Why is Ohio State so late to recruit the state of Georgia when other top tier programs have been recruiting here for a while?


----------



## rex upshaw (Dec 29, 2012)

Plenty of talent in georgia and a looong time before signing day for those kids.


----------



## elfiii (Dec 29, 2012)

Urban Meyer can't find any good football players in Ohio? I'm shocked, dejected, crestfallen, and downhearted!


----------



## brownceluse (Dec 29, 2012)

Buck said:


> Why is Ohio State so late to recruit the state of Georgia when other top tier programs have been recruiting here for a while?



I think that would have something to do with their new coach.


----------



## elfiii (Dec 29, 2012)

brownceluse said:


> I think that would have something to do with their new coach.



He wants back in the SEC bad.


----------



## brownceluse (Dec 29, 2012)

elfiii said:


> He wants back in the SEC bad.



The sec caused him to many medical problems........


----------



## elfiii (Dec 29, 2012)

brownceluse said:


> The sec caused him to many medical problems........

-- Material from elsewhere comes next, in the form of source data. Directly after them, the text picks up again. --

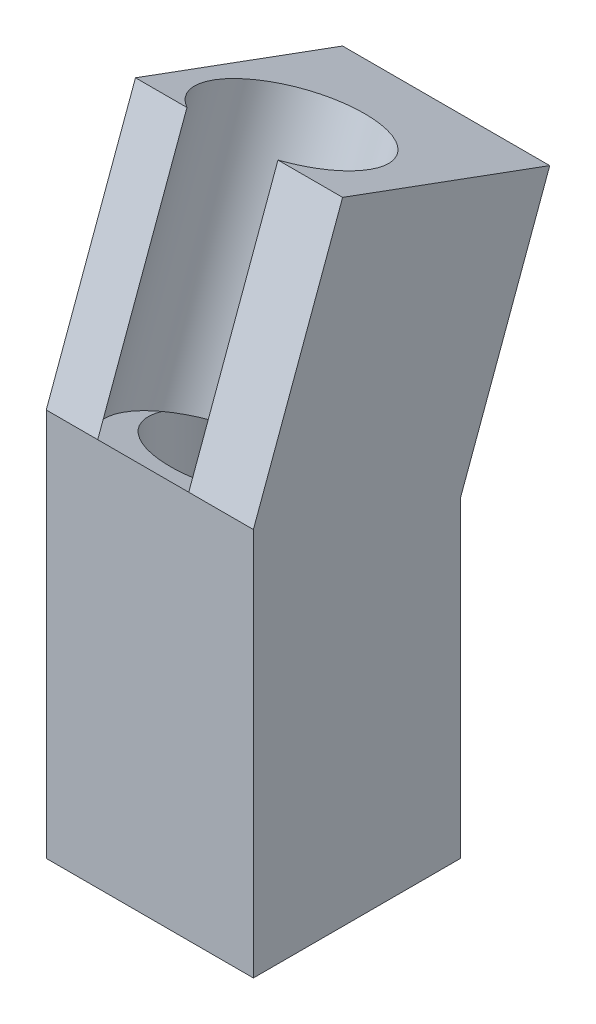
ISO-10303-21;
HEADER;
FILE_DESCRIPTION(('STEP AP214'),'2;1');
FILE_NAME('part.step','',(''),(''),'','','');
FILE_SCHEMA(('AUTOMOTIVE_DESIGN { 1 0 10303 214 1 1 1 1 }'));
ENDSEC;
DATA;
#1=APPLICATION_CONTEXT('core data for automotive mechanical design processes');
#2=APPLICATION_PROTOCOL_DEFINITION('international standard','automotive_design',2000,#1);
#3=PRODUCT_CONTEXT('',#1,'mechanical');
#4=PRODUCT('Part','Part','',(#3));
#5=PRODUCT_RELATED_PRODUCT_CATEGORY('part','',(#4));
#6=PRODUCT_DEFINITION_FORMATION('','',#4);
#7=PRODUCT_DEFINITION_CONTEXT('part definition',#1,'design');
#8=PRODUCT_DEFINITION('design','',#6,#7);
#9=PRODUCT_DEFINITION_SHAPE('','',#8);
#10=(LENGTH_UNIT() NAMED_UNIT(*) SI_UNIT(.MILLI.,.METRE.));
#11=(NAMED_UNIT(*) PLANE_ANGLE_UNIT() SI_UNIT($,.RADIAN.));
#12=(NAMED_UNIT(*) SI_UNIT($,.STERADIAN.) SOLID_ANGLE_UNIT());
#13=UNCERTAINTY_MEASURE_WITH_UNIT(LENGTH_MEASURE(1.E-05),#10,'distance_accuracy_value','');
#14=(GEOMETRIC_REPRESENTATION_CONTEXT(3) GLOBAL_UNCERTAINTY_ASSIGNED_CONTEXT((#13)) GLOBAL_UNIT_ASSIGNED_CONTEXT((#10,
#11,#12)) REPRESENTATION_CONTEXT('',''));
#15=CARTESIAN_POINT('',(0.,0.,0.));
#16=DIRECTION('',(0.,0.,1.));
#17=DIRECTION('',(1.,0.,0.));
#18=AXIS2_PLACEMENT_3D('',#15,#16,#17);
#19=CARTESIAN_POINT('',(0.,24.3874119678027,-3.44622932300727));
#20=DIRECTION('',(0.,-0.344622932300726,-0.938741196780268));
#21=DIRECTION('',(0.,0.938741196780268,-0.344622932300726));
#22=AXIS2_PLACEMENT_3D('',#19,#20,#21);
#23=PLANE('',#22);
#24=DIRECTION('',(1.,0.,0.));
#25=VECTOR('',#24,1.);
#26=CARTESIAN_POINT('',(0.,15.,0.));
#27=LINE('',#26,#25);
#28=CARTESIAN_POINT('',(0.,15.,0.));
#29=VERTEX_POINT('',#28);
#30=CARTESIAN_POINT('',(1.98807946303444,15.,0.));
#31=VERTEX_POINT('',#30);
#32=EDGE_CURVE('E116',#29,#31,#27,.T.);
#33=ORIENTED_EDGE('',*,*,#32,.T.);
#34=DIRECTION('',(0.,0.938741196780268,-0.344622932300726));
#35=VECTOR('',#34,1.);
#36=CARTESIAN_POINT('',(1.98807946303444,15.,0.));
#37=LINE('',#36,#35);
#38=CARTESIAN_POINT('',(1.98807946303444,24.3874119678027,-3.44622932300727));
#39=VERTEX_POINT('',#38);
#40=EDGE_CURVE('E129',#31,#39,#37,.T.);
#41=ORIENTED_EDGE('',*,*,#40,.T.);
#42=DIRECTION('',(1.,0.,0.));
#43=VECTOR('',#42,1.);
#44=CARTESIAN_POINT('',(0.,24.3874119678027,-3.44622932300727));
#45=LINE('',#44,#43);
#46=CARTESIAN_POINT('',(0.,24.3874119678027,-3.44622932300727));
#47=VERTEX_POINT('',#46);
#48=EDGE_CURVE('E188',#47,#39,#45,.T.);
#49=ORIENTED_EDGE('',*,*,#48,.F.);
#50=DIRECTION('',(0.,-0.938741196780268,0.344622932300726));
#51=VECTOR('',#50,1.);
#52=CARTESIAN_POINT('',(0.,24.3874119678027,-3.44622932300727));
#53=LINE('',#52,#51);
#54=EDGE_CURVE('E176',#47,#29,#53,.T.);
#55=ORIENTED_EDGE('',*,*,#54,.T.);
#56=EDGE_LOOP('',(#33,#41,#49,#55));
#57=FACE_BOUND('',#56,.T.);
#58=ADVANCED_FACE('F37',(#57),#23,.F.);
#59=CARTESIAN_POINT('',(0.,0.,0.));
#60=DIRECTION('',(0.,-1.,0.));
#61=DIRECTION('',(0.,0.,-1.));
#62=AXIS2_PLACEMENT_3D('',#59,#60,#61);
#63=PLANE('',#62);
#64=DIRECTION('',(0.,0.,1.));
#65=VECTOR('',#64,1.);
#66=CARTESIAN_POINT('',(0.,0.,0.));
#67=LINE('',#66,#65);
#68=CARTESIAN_POINT('',(0.,0.,-8.));
#69=VERTEX_POINT('',#68);
#70=CARTESIAN_POINT('',(0.,0.,0.));
#71=VERTEX_POINT('',#70);
#72=EDGE_CURVE('E165',#69,#71,#67,.T.);
#73=ORIENTED_EDGE('',*,*,#72,.F.);
#74=DIRECTION('',(-1.,0.,0.));
#75=VECTOR('',#74,1.);
#76=CARTESIAN_POINT('',(0.,0.,-8.));
#77=LINE('',#76,#75);
#78=CARTESIAN_POINT('',(8.,0.,-8.));
#79=VERTEX_POINT('',#78);
#80=EDGE_CURVE('E134',#79,#69,#77,.T.);
#81=ORIENTED_EDGE('',*,*,#80,.F.);
#82=DIRECTION('',(0.,0.,-1.));
#83=VECTOR('',#82,1.);
#84=CARTESIAN_POINT('',(8.,0.,0.));
#85=LINE('',#84,#83);
#86=CARTESIAN_POINT('',(8.,0.,0.));
#87=VERTEX_POINT('',#86);
#88=EDGE_CURVE('E136',#87,#79,#85,.T.);
#89=ORIENTED_EDGE('',*,*,#88,.F.);
#90=DIRECTION('',(1.,0.,0.));
#91=VECTOR('',#90,1.);
#92=CARTESIAN_POINT('',(0.,0.,0.));
#93=LINE('',#92,#91);
#94=EDGE_CURVE('E164',#71,#87,#93,.T.);
#95=ORIENTED_EDGE('',*,*,#94,.F.);
#96=EDGE_LOOP('',(#73,#81,#89,#95));
#97=FACE_BOUND('',#96,.T.);
#98=CARTESIAN_POINT('',(3.99556486753257,0.,-3.79143326371917));
#99=DIRECTION('',(0.,1.,0.));
#100=DIRECTION('',(0.,0.,1.));
#101=AXIS2_PLACEMENT_3D('',#98,#99,#100);
#102=CIRCLE('',#101,3.);
#103=CARTESIAN_POINT('',(3.99556486753257,0.,-0.791433263719172));
#104=VERTEX_POINT('',#103);
#105=EDGE_CURVE('E167',#104,#104,#102,.T.);
#106=ORIENTED_EDGE('',*,*,#105,.T.);
#107=EDGE_LOOP('',(#106));
#108=FACE_BOUND('',#107,.T.);
#109=ADVANCED_FACE('F162',(#97,#108),#63,.T.);
#110=CARTESIAN_POINT('',(0.,15.,0.));
#111=DIRECTION('',(1.,0.,0.));
#112=DIRECTION('',(0.,0.,-1.));
#113=AXIS2_PLACEMENT_3D('',#110,#111,#112);
#114=PLANE('',#113);
#115=DIRECTION('',(0.,-1.,0.));
#116=VECTOR('',#115,1.);
#117=CARTESIAN_POINT('',(0.,15.,0.));
#118=LINE('',#117,#116);
#119=EDGE_CURVE('E11',#29,#71,#118,.T.);
#120=ORIENTED_EDGE('',*,*,#119,.F.);
#121=ORIENTED_EDGE('',*,*,#54,.F.);
#122=DIRECTION('',(0.,0.344622932300726,0.938741196780268));
#123=VECTOR('',#122,1.);
#124=CARTESIAN_POINT('',(0.,21.4505178932038,-11.4462293230073));
#125=LINE('',#124,#123);
#126=CARTESIAN_POINT('',(0.,21.4505178932038,-11.4462293230073));
#127=VERTEX_POINT('',#126);
#128=EDGE_CURVE('E191',#127,#47,#125,.T.);
#129=ORIENTED_EDGE('',*,*,#128,.F.);
#130=DIRECTION('',(0.,-0.938741196780268,0.344622932300726));
#131=VECTOR('',#130,1.);
#132=CARTESIAN_POINT('',(0.,21.4505178932038,-11.4462293230073));
#133=LINE('',#132,#131);
#134=CARTESIAN_POINT('',(0.,12.0631059254011,-8.));
#135=VERTEX_POINT('',#134);
#136=EDGE_CURVE('E182',#127,#135,#133,.T.);
#137=ORIENTED_EDGE('',*,*,#136,.T.);
#138=DIRECTION('',(0.,-1.,0.));
#139=VECTOR('',#138,1.);
#140=CARTESIAN_POINT('',(0.,15.,-8.));
#141=LINE('',#140,#139);
#142=EDGE_CURVE('E140',#135,#69,#141,.T.);
#143=ORIENTED_EDGE('',*,*,#142,.T.);
#144=ORIENTED_EDGE('',*,*,#72,.T.);
#145=EDGE_LOOP('',(#120,#121,#129,#137,#143,#144));
#146=FACE_BOUND('',#145,.T.);
#147=ADVANCED_FACE('F39',(#146),#114,.F.);
#148=CARTESIAN_POINT('',(0.,15.,0.));
#149=DIRECTION('',(0.,0.,-1.));
#150=DIRECTION('',(-1.,0.,0.));
#151=AXIS2_PLACEMENT_3D('',#148,#149,#150);
#152=PLANE('',#151);
#153=ORIENTED_EDGE('',*,*,#94,.T.);
#154=DIRECTION('',(0.,-1.,0.));
#155=VECTOR('',#154,1.);
#156=CARTESIAN_POINT('',(8.,15.,0.));
#157=LINE('',#156,#155);
#158=CARTESIAN_POINT('',(8.,15.,0.));
#159=VERTEX_POINT('',#158);
#160=EDGE_CURVE('E46',#159,#87,#157,.T.);
#161=ORIENTED_EDGE('',*,*,#160,.F.);
#162=CARTESIAN_POINT('',(5.5029776175875,15.,0.));
#163=VERTEX_POINT('',#162);
#164=EDGE_CURVE('E117',#163,#159,#27,.T.);
#165=ORIENTED_EDGE('',*,*,#164,.F.);
#166=EDGE_CURVE('E109',#31,#163,#27,.T.);
#167=ORIENTED_EDGE('',*,*,#166,.F.);
#168=ORIENTED_EDGE('',*,*,#32,.F.);
#169=ORIENTED_EDGE('',*,*,#119,.T.);
#170=EDGE_LOOP('',(#153,#161,#165,#167,#168,#169));
#171=FACE_BOUND('',#170,.T.);
#172=ADVANCED_FACE('F131',(#171),#152,.F.);
#173=CARTESIAN_POINT('',(8.,15.,0.));
#174=DIRECTION('',(-1.,0.,0.));
#175=DIRECTION('',(0.,0.,1.));
#176=AXIS2_PLACEMENT_3D('',#173,#174,#175);
#177=PLANE('',#176);
#178=DIRECTION('',(0.,-1.,0.));
#179=VECTOR('',#178,1.);
#180=CARTESIAN_POINT('',(8.,15.,-8.));
#181=LINE('',#180,#179);
#182=CARTESIAN_POINT('',(8.,12.0631059254011,-8.));
#183=VERTEX_POINT('',#182);
#184=EDGE_CURVE('E144',#183,#79,#181,.T.);
#185=ORIENTED_EDGE('',*,*,#184,.F.);
#186=DIRECTION('',(0.,-0.938741196780268,0.344622932300726));
#187=VECTOR('',#186,1.);
#188=CARTESIAN_POINT('',(8.,21.4505178932038,-11.4462293230073));
#189=LINE('',#188,#187);
#190=CARTESIAN_POINT('',(8.,21.4505178932038,-11.4462293230073));
#191=VERTEX_POINT('',#190);
#192=EDGE_CURVE('E179',#191,#183,#189,.T.);
#193=ORIENTED_EDGE('',*,*,#192,.F.);
#194=DIRECTION('',(0.,-0.344622932300726,-0.938741196780268));
#195=VECTOR('',#194,1.);
#196=CARTESIAN_POINT('',(8.,21.4505178932038,-11.4462293230073));
#197=LINE('',#196,#195);
#198=CARTESIAN_POINT('',(8.,24.3874119678027,-3.44622932300727));
#199=VERTEX_POINT('',#198);
#200=EDGE_CURVE('E186',#199,#191,#197,.T.);
#201=ORIENTED_EDGE('',*,*,#200,.F.);
#202=DIRECTION('',(0.,-0.938741196780268,0.344622932300726));
#203=VECTOR('',#202,1.);
#204=CARTESIAN_POINT('',(8.,24.3874119678027,-3.44622932300727));
#205=LINE('',#204,#203);
#206=EDGE_CURVE('E159',#199,#159,#205,.T.);
#207=ORIENTED_EDGE('',*,*,#206,.T.);
#208=ORIENTED_EDGE('',*,*,#160,.T.);
#209=ORIENTED_EDGE('',*,*,#88,.T.);
#210=EDGE_LOOP('',(#185,#193,#201,#207,#208,#209));
#211=FACE_BOUND('',#210,.T.);
#212=ADVANCED_FACE('F156',(#211),#177,.F.);
#213=CARTESIAN_POINT('',(0.,15.,-8.));
#214=DIRECTION('',(0.,0.,1.));
#215=DIRECTION('',(1.,0.,0.));
#216=AXIS2_PLACEMENT_3D('',#213,#214,#215);
#217=PLANE('',#216);
#218=ORIENTED_EDGE('',*,*,#142,.F.);
#219=DIRECTION('',(-1.,0.,0.));
#220=VECTOR('',#219,1.);
#221=CARTESIAN_POINT('',(8.,12.0631059254011,-8.));
#222=LINE('',#221,#220);
#223=EDGE_CURVE('E173',#183,#135,#222,.T.);
#224=ORIENTED_EDGE('',*,*,#223,.F.);
#225=ORIENTED_EDGE('',*,*,#184,.T.);
#226=ORIENTED_EDGE('',*,*,#80,.T.);
#227=EDGE_LOOP('',(#218,#224,#225,#226));
#228=FACE_BOUND('',#227,.T.);
#229=ADVANCED_FACE('F204',(#228),#217,.F.);
#230=CARTESIAN_POINT('',(3.99556486753257,15.,-3.79143326371917));
#231=DIRECTION('',(0.,-1.,0.));
#232=DIRECTION('',(0.,0.,-1.));
#233=AXIS2_PLACEMENT_3D('',#230,#231,#232);
#234=CYLINDRICAL_SURFACE('',#233,3.);
#235=CARTESIAN_POINT('',(3.99556486753257,13.6081202641933,-3.79143326371917));
#236=DIRECTION('',(0.,-0.938741196780268,0.344622932300726));
#237=DIRECTION('',(0.,-0.344622932300726,-0.938741196780268));
#238=AXIS2_PLACEMENT_3D('',#235,#236,#237);
#239=ELLIPSE('',#238,3.19576898328264,3.);
#240=CARTESIAN_POINT('',(6.73096663172663,14.0603651776947,-2.55953343481394));
#241=VERTEX_POINT('',#240);
#242=CARTESIAN_POINT('',(1.01514576930289,13.7337465298738,-3.44923157039405));
#243=VERTEX_POINT('',#242);
#244=EDGE_CURVE('E41',#241,#243,#239,.T.);
#245=ORIENTED_EDGE('',*,*,#244,.F.);
#246=EDGE_CURVE('E171',#243,#241,#239,.T.);
#247=ORIENTED_EDGE('',*,*,#246,.F.);
#248=EDGE_LOOP('',(#245,#247));
#249=FACE_BOUND('',#248,.T.);
#250=ORIENTED_EDGE('',*,*,#105,.F.);
#251=EDGE_LOOP('',(#250));
#252=FACE_BOUND('',#251,.T.);
#253=ADVANCED_FACE('F201',(#249,#252),#234,.F.);
#254=CARTESIAN_POINT('',(0.,13.2185255179867,-4.85267615858864));
#255=DIRECTION('',(0.,0.938741196780268,-0.344622932300726));
#256=DIRECTION('',(0.,0.344622932300726,0.938741196780268));
#257=AXIS2_PLACEMENT_3D('',#254,#255,#256);
#258=PLANE('',#257);
#259=ORIENTED_EDGE('',*,*,#246,.T.);
#260=CARTESIAN_POINT('',(3.74552854031097,14.1621074177291,-2.28239101850568));
#261=DIRECTION('',(0.,0.938741196780268,-0.344622932300726));
#262=DIRECTION('',(0.,0.344622932300726,0.938741196780268));
#263=AXIS2_PLACEMENT_3D('',#260,#261,#262);
#264=CIRCLE('',#263,3.);
#265=EDGE_CURVE('E121',#241,#243,#264,.T.);
#266=ORIENTED_EDGE('',*,*,#265,.T.);
#267=EDGE_LOOP('',(#259,#266));
#268=FACE_BOUND('',#267,.T.);
#269=ADVANCED_FACE('F198',(#268),#258,.F.);
#270=CARTESIAN_POINT('',(5.5029776175875,24.3874119678027,-3.44622932300727));
#271=VERTEX_POINT('',#270);
#272=EDGE_CURVE('E128',#271,#199,#45,.T.);
#273=ORIENTED_EDGE('',*,*,#272,.F.);
#274=DIRECTION('',(0.,0.938741196780268,-0.344622932300726));
#275=VECTOR('',#274,1.);
#276=CARTESIAN_POINT('',(5.5029776175875,15.,0.));
#277=LINE('',#276,#275);
#278=EDGE_CURVE('E60',#271,#163,#277,.F.);
#279=ORIENTED_EDGE('',*,*,#278,.T.);
#280=ORIENTED_EDGE('',*,*,#164,.T.);
#281=ORIENTED_EDGE('',*,*,#206,.F.);
#282=EDGE_LOOP('',(#273,#279,#280,#281));
#283=FACE_BOUND('',#282,.T.);
#284=ADVANCED_FACE('F125',(#283),#23,.F.);
#285=CARTESIAN_POINT('',(0.,21.4505178932038,-11.4462293230073));
#286=DIRECTION('',(0.,0.344622932300726,0.938741196780268));
#287=DIRECTION('',(0.,-0.938741196780268,0.344622932300726));
#288=AXIS2_PLACEMENT_3D('',#285,#286,#287);
#289=PLANE('',#288);
#290=ORIENTED_EDGE('',*,*,#223,.T.);
#291=ORIENTED_EDGE('',*,*,#136,.F.);
#292=DIRECTION('',(-1.,0.,0.));
#293=VECTOR('',#292,1.);
#294=CARTESIAN_POINT('',(0.,21.4505178932038,-11.4462293230073));
#295=LINE('',#294,#293);
#296=EDGE_CURVE('E184',#191,#127,#295,.T.);
#297=ORIENTED_EDGE('',*,*,#296,.F.);
#298=ORIENTED_EDGE('',*,*,#192,.T.);
#299=EDGE_LOOP('',(#290,#291,#297,#298));
#300=FACE_BOUND('',#299,.T.);
#301=ADVANCED_FACE('F221',(#300),#289,.F.);
#302=CARTESIAN_POINT('',(0.,22.6059374857894,-8.2989054815959));
#303=DIRECTION('',(0.,0.938741196780268,-0.344622932300726));
#304=DIRECTION('',(0.,0.344622932300726,0.938741196780268));
#305=AXIS2_PLACEMENT_3D('',#302,#303,#304);
#306=PLANE('',#305);
#307=CARTESIAN_POINT('',(3.74552854031097,23.5495193855318,-5.72862034151294));
#308=DIRECTION('',(0.,0.938741196780268,-0.344622932300726));
#309=DIRECTION('',(0.,0.344622932300726,0.938741196780268));
#310=AXIS2_PLACEMENT_3D('',#307,#308,#309);
#311=CIRCLE('',#310,3.);
#312=EDGE_CURVE('E195',#271,#39,#311,.T.);
#313=ORIENTED_EDGE('',*,*,#312,.F.);
#314=ORIENTED_EDGE('',*,*,#272,.T.);
#315=ORIENTED_EDGE('',*,*,#200,.T.);
#316=ORIENTED_EDGE('',*,*,#296,.T.);
#317=ORIENTED_EDGE('',*,*,#128,.T.);
#318=ORIENTED_EDGE('',*,*,#48,.T.);
#319=EDGE_LOOP('',(#313,#314,#315,#316,#317,#318));
#320=FACE_BOUND('',#319,.T.);
#321=ADVANCED_FACE('F225',(#320),#306,.T.);
#322=CARTESIAN_POINT('',(3.74552854031097,14.1621074177291,-2.28239101850568));
#323=DIRECTION('',(0.,0.938741196780268,-0.344622932300726));
#324=DIRECTION('',(0.,0.344622932300726,0.938741196780268));
#325=AXIS2_PLACEMENT_3D('',#322,#323,#324);
#326=PLANE('',#325);
#327=ORIENTED_EDGE('',*,*,#244,.T.);
#328=EDGE_CURVE('E53',#243,#31,#264,.T.);
#329=ORIENTED_EDGE('',*,*,#328,.T.);
#330=ORIENTED_EDGE('',*,*,#166,.T.);
#331=EDGE_CURVE('E111',#163,#241,#264,.T.);
#332=ORIENTED_EDGE('',*,*,#331,.T.);
#333=EDGE_LOOP('',(#327,#329,#330,#332));
#334=FACE_BOUND('',#333,.T.);
#335=ADVANCED_FACE('F110',(#334),#326,.T.);
#336=CARTESIAN_POINT('',(3.74552854031097,14.1621074177291,-2.28239101850568));
#337=DIRECTION('',(0.,0.938741196780268,-0.344622932300726));
#338=DIRECTION('',(0.,0.344622932300726,0.938741196780268));
#339=AXIS2_PLACEMENT_3D('',#336,#337,#338);
#340=CYLINDRICAL_SURFACE('',#339,3.);
#341=ORIENTED_EDGE('',*,*,#328,.F.);
#342=ORIENTED_EDGE('',*,*,#265,.F.);
#343=ORIENTED_EDGE('',*,*,#331,.F.);
#344=ORIENTED_EDGE('',*,*,#278,.F.);
#345=ORIENTED_EDGE('',*,*,#312,.T.);
#346=ORIENTED_EDGE('',*,*,#40,.F.);
#347=EDGE_LOOP('',(#341,#342,#343,#344,#345,#346));
#348=FACE_BOUND('',#347,.T.);
#349=ADVANCED_FACE('F119',(#348),#340,.F.);
#350=CLOSED_SHELL('',(#58,#109,#147,#172,#212,#229,#253,#269,#284,#301,#321,#335,#349));
#351=MANIFOLD_SOLID_BREP('B2',#350);
#352=ADVANCED_BREP_SHAPE_REPRESENTATION('',(#18,#351),#14);
#353=SHAPE_DEFINITION_REPRESENTATION(#9,#352);
ENDSEC;
END-ISO-10303-21;

If he ever gets back in a bowl game against an SEC team he will have more medical problems.


----------



## brownceluse (Dec 29, 2012)

elfiii said:


> If he ever gets back in a bowl game against an SEC team he will have more medical problems.


----------



## riprap (Dec 29, 2012)

brownceluse said:


> The sec caused him to many medical problems........



He missed his family.


----------



## lbzdually (Dec 29, 2012)

Players from UGA need to visit about February to get the full effect of Ohio and then decide where they want to go to school.


----------



## Old Winchesters (Dec 29, 2012)

You can always tell which ones will commit to the Buckeyes....they all have tattoos.


----------



## Madsnooker (Dec 30, 2012)

Buck said:


> Why is Ohio State so late to recruit the state of Georgia when other top tier programs have been recruiting here for a while?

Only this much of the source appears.